Problem:
Once the pictures are set aside, retype the remaining entries exactly.

Given entries:
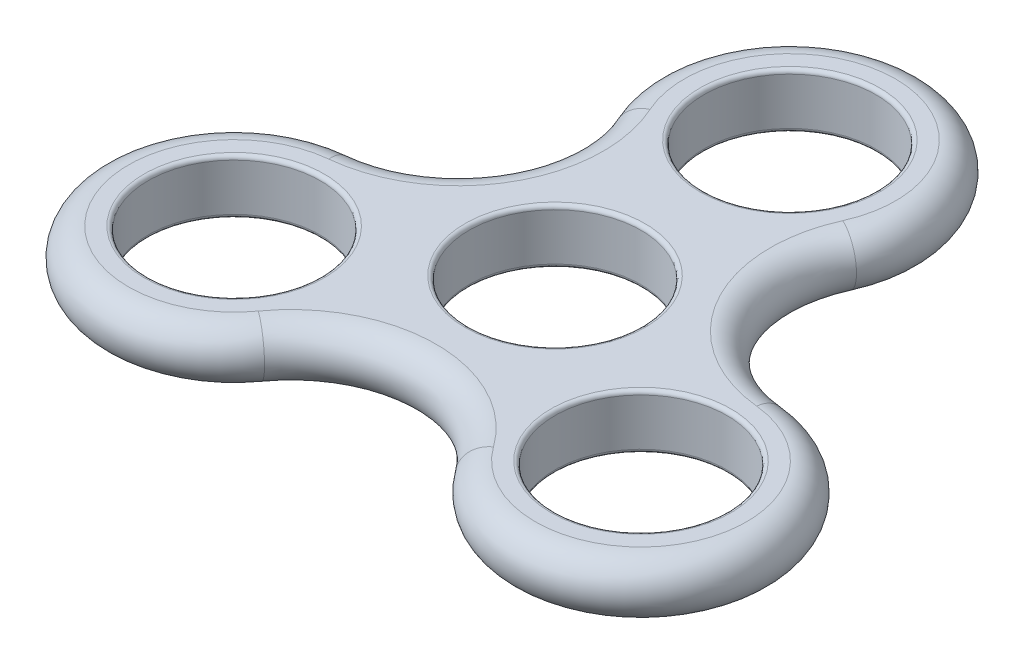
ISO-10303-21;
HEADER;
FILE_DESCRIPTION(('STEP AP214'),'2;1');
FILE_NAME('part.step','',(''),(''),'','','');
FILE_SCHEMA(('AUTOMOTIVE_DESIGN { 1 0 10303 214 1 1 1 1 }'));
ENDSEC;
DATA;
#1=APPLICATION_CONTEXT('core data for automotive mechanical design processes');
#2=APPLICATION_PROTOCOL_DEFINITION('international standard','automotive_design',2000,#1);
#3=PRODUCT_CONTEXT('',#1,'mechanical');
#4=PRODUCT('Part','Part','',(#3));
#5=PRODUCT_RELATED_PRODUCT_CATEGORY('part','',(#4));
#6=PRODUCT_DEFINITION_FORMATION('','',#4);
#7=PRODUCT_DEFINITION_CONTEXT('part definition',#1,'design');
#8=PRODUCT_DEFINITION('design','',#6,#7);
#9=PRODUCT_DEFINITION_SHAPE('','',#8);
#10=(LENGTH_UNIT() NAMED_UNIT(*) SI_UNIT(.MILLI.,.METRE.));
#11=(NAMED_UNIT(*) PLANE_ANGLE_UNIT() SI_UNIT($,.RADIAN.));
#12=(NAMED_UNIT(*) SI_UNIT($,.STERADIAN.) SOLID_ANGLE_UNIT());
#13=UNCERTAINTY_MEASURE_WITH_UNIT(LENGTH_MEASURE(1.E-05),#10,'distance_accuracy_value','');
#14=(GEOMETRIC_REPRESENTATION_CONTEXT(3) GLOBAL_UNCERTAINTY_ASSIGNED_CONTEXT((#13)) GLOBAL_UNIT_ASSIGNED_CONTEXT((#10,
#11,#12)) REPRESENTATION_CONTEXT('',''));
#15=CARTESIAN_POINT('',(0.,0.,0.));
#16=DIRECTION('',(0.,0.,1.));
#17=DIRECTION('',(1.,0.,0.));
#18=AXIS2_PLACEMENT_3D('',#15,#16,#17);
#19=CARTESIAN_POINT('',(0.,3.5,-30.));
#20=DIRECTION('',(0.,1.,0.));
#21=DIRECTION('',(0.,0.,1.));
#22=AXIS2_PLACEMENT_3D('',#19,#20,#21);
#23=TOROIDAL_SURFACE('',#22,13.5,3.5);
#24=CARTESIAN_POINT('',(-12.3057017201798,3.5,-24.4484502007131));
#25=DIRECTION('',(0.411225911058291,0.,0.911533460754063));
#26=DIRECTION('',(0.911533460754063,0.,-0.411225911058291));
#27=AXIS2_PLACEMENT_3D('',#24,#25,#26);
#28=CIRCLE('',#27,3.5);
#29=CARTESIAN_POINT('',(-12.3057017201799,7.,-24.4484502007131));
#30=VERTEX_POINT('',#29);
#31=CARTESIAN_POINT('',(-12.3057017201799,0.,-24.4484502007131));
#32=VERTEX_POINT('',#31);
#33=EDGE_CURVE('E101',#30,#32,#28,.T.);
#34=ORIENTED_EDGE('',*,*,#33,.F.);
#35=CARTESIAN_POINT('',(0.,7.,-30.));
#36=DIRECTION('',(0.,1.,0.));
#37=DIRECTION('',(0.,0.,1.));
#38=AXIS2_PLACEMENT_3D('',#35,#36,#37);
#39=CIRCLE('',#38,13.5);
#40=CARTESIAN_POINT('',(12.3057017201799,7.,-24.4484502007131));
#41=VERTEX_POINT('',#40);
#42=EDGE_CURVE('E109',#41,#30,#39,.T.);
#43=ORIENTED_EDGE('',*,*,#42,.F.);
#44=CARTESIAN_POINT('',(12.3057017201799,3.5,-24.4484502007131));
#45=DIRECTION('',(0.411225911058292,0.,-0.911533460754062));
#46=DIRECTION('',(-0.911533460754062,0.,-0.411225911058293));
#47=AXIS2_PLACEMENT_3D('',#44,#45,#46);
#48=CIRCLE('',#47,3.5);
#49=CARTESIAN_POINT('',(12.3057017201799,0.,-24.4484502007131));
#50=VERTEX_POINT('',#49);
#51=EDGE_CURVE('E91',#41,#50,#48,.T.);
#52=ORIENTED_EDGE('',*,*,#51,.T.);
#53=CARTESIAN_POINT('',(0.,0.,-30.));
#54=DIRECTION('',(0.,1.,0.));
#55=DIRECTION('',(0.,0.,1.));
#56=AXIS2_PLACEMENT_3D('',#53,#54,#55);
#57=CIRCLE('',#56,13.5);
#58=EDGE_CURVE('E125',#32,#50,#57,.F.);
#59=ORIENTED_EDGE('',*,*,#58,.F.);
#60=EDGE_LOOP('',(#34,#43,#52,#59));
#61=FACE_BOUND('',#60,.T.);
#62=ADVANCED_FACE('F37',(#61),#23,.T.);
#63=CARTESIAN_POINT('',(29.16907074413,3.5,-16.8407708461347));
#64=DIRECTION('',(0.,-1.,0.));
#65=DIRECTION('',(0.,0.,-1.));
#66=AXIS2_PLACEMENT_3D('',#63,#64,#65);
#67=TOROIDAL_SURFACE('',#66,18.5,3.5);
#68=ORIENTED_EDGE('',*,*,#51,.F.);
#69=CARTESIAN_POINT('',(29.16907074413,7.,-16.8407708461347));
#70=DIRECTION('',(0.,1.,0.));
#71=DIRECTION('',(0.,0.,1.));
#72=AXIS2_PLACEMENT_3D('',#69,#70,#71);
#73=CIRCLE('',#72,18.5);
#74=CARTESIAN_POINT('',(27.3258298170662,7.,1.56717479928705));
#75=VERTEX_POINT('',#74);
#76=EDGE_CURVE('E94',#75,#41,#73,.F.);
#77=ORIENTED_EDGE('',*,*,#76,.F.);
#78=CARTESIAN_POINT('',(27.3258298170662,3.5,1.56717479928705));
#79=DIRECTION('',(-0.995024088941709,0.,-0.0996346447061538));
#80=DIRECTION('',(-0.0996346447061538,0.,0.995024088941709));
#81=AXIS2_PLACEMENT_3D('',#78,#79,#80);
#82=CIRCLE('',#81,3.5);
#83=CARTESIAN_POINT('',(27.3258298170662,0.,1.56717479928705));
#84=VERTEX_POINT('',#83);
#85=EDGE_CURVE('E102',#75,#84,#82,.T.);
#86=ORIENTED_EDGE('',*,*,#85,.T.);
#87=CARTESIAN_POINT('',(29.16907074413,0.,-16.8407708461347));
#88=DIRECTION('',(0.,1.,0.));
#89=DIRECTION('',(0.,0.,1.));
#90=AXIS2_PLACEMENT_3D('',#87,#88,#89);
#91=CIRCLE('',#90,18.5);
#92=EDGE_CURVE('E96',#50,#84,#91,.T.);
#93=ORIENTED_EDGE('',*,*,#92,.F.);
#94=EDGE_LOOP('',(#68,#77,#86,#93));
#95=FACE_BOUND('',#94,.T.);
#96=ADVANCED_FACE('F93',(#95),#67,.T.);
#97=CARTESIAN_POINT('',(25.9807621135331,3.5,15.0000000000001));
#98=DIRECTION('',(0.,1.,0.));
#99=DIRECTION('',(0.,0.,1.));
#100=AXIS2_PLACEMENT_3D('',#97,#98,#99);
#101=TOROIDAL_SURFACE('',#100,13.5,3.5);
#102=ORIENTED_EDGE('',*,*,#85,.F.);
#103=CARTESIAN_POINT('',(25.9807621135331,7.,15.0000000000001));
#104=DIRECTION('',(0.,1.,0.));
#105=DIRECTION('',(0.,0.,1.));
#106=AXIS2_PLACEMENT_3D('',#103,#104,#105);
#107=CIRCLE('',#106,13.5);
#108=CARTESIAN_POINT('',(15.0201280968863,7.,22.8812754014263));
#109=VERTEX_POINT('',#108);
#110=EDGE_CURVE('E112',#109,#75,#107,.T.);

Result of this exercise:
ISO-10303-21;
HEADER;
FILE_DESCRIPTION(('STEP AP214'),'2;1');
FILE_NAME('part.step','',(''),(''),'','','');
FILE_SCHEMA(('AUTOMOTIVE_DESIGN { 1 0 10303 214 1 1 1 1 }'));
ENDSEC;
DATA;
#1=APPLICATION_CONTEXT('core data for automotive mechanical design processes');
#2=APPLICATION_PROTOCOL_DEFINITION('international standard','automotive_design',2000,#1);
#3=PRODUCT_CONTEXT('',#1,'mechanical');
#4=PRODUCT('Part','Part','',(#3));
#5=PRODUCT_RELATED_PRODUCT_CATEGORY('part','',(#4));
#6=PRODUCT_DEFINITION_FORMATION('','',#4);
#7=PRODUCT_DEFINITION_CONTEXT('part definition',#1,'design');
#8=PRODUCT_DEFINITION('design','',#6,#7);
#9=PRODUCT_DEFINITION_SHAPE('','',#8);
#10=(LENGTH_UNIT() NAMED_UNIT(*) SI_UNIT(.MILLI.,.METRE.));
#11=(NAMED_UNIT(*) PLANE_ANGLE_UNIT() SI_UNIT($,.RADIAN.));
#12=(NAMED_UNIT(*) SI_UNIT($,.STERADIAN.) SOLID_ANGLE_UNIT());
#13=UNCERTAINTY_MEASURE_WITH_UNIT(LENGTH_MEASURE(1.E-05),#10,'distance_accuracy_value','');
#14=(GEOMETRIC_REPRESENTATION_CONTEXT(3) GLOBAL_UNCERTAINTY_ASSIGNED_CONTEXT((#13)) GLOBAL_UNIT_ASSIGNED_CONTEXT((#10,
#11,#12)) REPRESENTATION_CONTEXT('',''));
#15=CARTESIAN_POINT('',(0.,0.,0.));
#16=DIRECTION('',(0.,0.,1.));
#17=DIRECTION('',(1.,0.,0.));
#18=AXIS2_PLACEMENT_3D('',#15,#16,#17);
#19=CARTESIAN_POINT('',(0.,3.5,-30.));
#20=DIRECTION('',(0.,1.,0.));
#21=DIRECTION('',(0.,0.,1.));
#22=AXIS2_PLACEMENT_3D('',#19,#20,#21);
#23=TOROIDAL_SURFACE('',#22,13.5,3.5);
#24=CARTESIAN_POINT('',(-12.3057017201798,3.5,-24.4484502007131));
#25=DIRECTION('',(0.411225911058291,0.,0.911533460754063));
#26=DIRECTION('',(0.911533460754063,0.,-0.411225911058291));
#27=AXIS2_PLACEMENT_3D('',#24,#25,#26);
#28=CIRCLE('',#27,3.5);
#29=CARTESIAN_POINT('',(-12.3057017201799,7.,-24.4484502007131));
#30=VERTEX_POINT('',#29);
#31=CARTESIAN_POINT('',(-12.3057017201799,0.,-24.4484502007131));
#32=VERTEX_POINT('',#31);
#33=EDGE_CURVE('E101',#30,#32,#28,.T.);
#34=ORIENTED_EDGE('',*,*,#33,.F.);
#35=CARTESIAN_POINT('',(0.,7.,-30.));
#36=DIRECTION('',(0.,1.,0.));
#37=DIRECTION('',(0.,0.,1.));
#38=AXIS2_PLACEMENT_3D('',#35,#36,#37);
#39=CIRCLE('',#38,13.5);
#40=CARTESIAN_POINT('',(12.3057017201799,7.,-24.4484502007131));
#41=VERTEX_POINT('',#40);
#42=EDGE_CURVE('E109',#41,#30,#39,.T.);
#43=ORIENTED_EDGE('',*,*,#42,.F.);
#44=CARTESIAN_POINT('',(12.3057017201799,3.5,-24.4484502007131));
#45=DIRECTION('',(0.411225911058292,0.,-0.911533460754062));
#46=DIRECTION('',(-0.911533460754062,0.,-0.411225911058293));
#47=AXIS2_PLACEMENT_3D('',#44,#45,#46);
#48=CIRCLE('',#47,3.5);
#49=CARTESIAN_POINT('',(12.3057017201799,0.,-24.4484502007131));
#50=VERTEX_POINT('',#49);
#51=EDGE_CURVE('E91',#41,#50,#48,.T.);
#52=ORIENTED_EDGE('',*,*,#51,.T.);
#53=CARTESIAN_POINT('',(0.,0.,-30.));
#54=DIRECTION('',(0.,1.,0.));
#55=DIRECTION('',(0.,0.,1.));
#56=AXIS2_PLACEMENT_3D('',#53,#54,#55);
#57=CIRCLE('',#56,13.5);
#58=EDGE_CURVE('E125',#32,#50,#57,.F.);
#59=ORIENTED_EDGE('',*,*,#58,.F.);
#60=EDGE_LOOP('',(#34,#43,#52,#59));
#61=FACE_BOUND('',#60,.T.);
#62=ADVANCED_FACE('F37',(#61),#23,.T.);
#63=CARTESIAN_POINT('',(29.16907074413,3.5,-16.8407708461347));
#64=DIRECTION('',(0.,-1.,0.));
#65=DIRECTION('',(0.,0.,-1.));
#66=AXIS2_PLACEMENT_3D('',#63,#64,#65);
#67=TOROIDAL_SURFACE('',#66,18.5,3.5);
#68=ORIENTED_EDGE('',*,*,#51,.F.);
#69=CARTESIAN_POINT('',(29.16907074413,7.,-16.8407708461347));
#70=DIRECTION('',(0.,1.,0.));
#71=DIRECTION('',(0.,0.,1.));
#72=AXIS2_PLACEMENT_3D('',#69,#70,#71);
#73=CIRCLE('',#72,18.5);
#74=CARTESIAN_POINT('',(27.3258298170662,7.,1.56717479928705));
#75=VERTEX_POINT('',#74);
#76=EDGE_CURVE('E94',#75,#41,#73,.F.);
#77=ORIENTED_EDGE('',*,*,#76,.F.);
#78=CARTESIAN_POINT('',(27.3258298170662,3.5,1.56717479928705));
#79=DIRECTION('',(-0.995024088941709,0.,-0.0996346447061538));
#80=DIRECTION('',(-0.0996346447061538,0.,0.995024088941709));
#81=AXIS2_PLACEMENT_3D('',#78,#79,#80);
#82=CIRCLE('',#81,3.5);
#83=CARTESIAN_POINT('',(27.3258298170662,0.,1.56717479928705));
#84=VERTEX_POINT('',#83);
#85=EDGE_CURVE('E102',#75,#84,#82,.T.);
#86=ORIENTED_EDGE('',*,*,#85,.T.);
#87=CARTESIAN_POINT('',(29.16907074413,0.,-16.8407708461347));
#88=DIRECTION('',(0.,1.,0.));
#89=DIRECTION('',(0.,0.,1.));
#90=AXIS2_PLACEMENT_3D('',#87,#88,#89);
#91=CIRCLE('',#90,18.5);
#92=EDGE_CURVE('E96',#50,#84,#91,.T.);
#93=ORIENTED_EDGE('',*,*,#92,.F.);
#94=EDGE_LOOP('',(#68,#77,#86,#93));
#95=FACE_BOUND('',#94,.T.);
#96=ADVANCED_FACE('F93',(#95),#67,.T.);
#97=CARTESIAN_POINT('',(25.9807621135331,3.5,15.0000000000001));
#98=DIRECTION('',(0.,1.,0.));
#99=DIRECTION('',(0.,0.,1.));
#100=AXIS2_PLACEMENT_3D('',#97,#98,#99);
#101=TOROIDAL_SURFACE('',#100,13.5,3.5);
#102=ORIENTED_EDGE('',*,*,#85,.F.);
#103=CARTESIAN_POINT('',(25.9807621135331,7.,15.0000000000001));
#104=DIRECTION('',(0.,1.,0.));
#105=DIRECTION('',(0.,0.,1.));
#106=AXIS2_PLACEMENT_3D('',#103,#104,#105);
#107=CIRCLE('',#106,13.5);
#108=CARTESIAN_POINT('',(15.0201280968863,7.,22.8812754014263));
#109=VERTEX_POINT('',#108);
#110=EDGE_CURVE('E112',#109,#75,#107,.T.);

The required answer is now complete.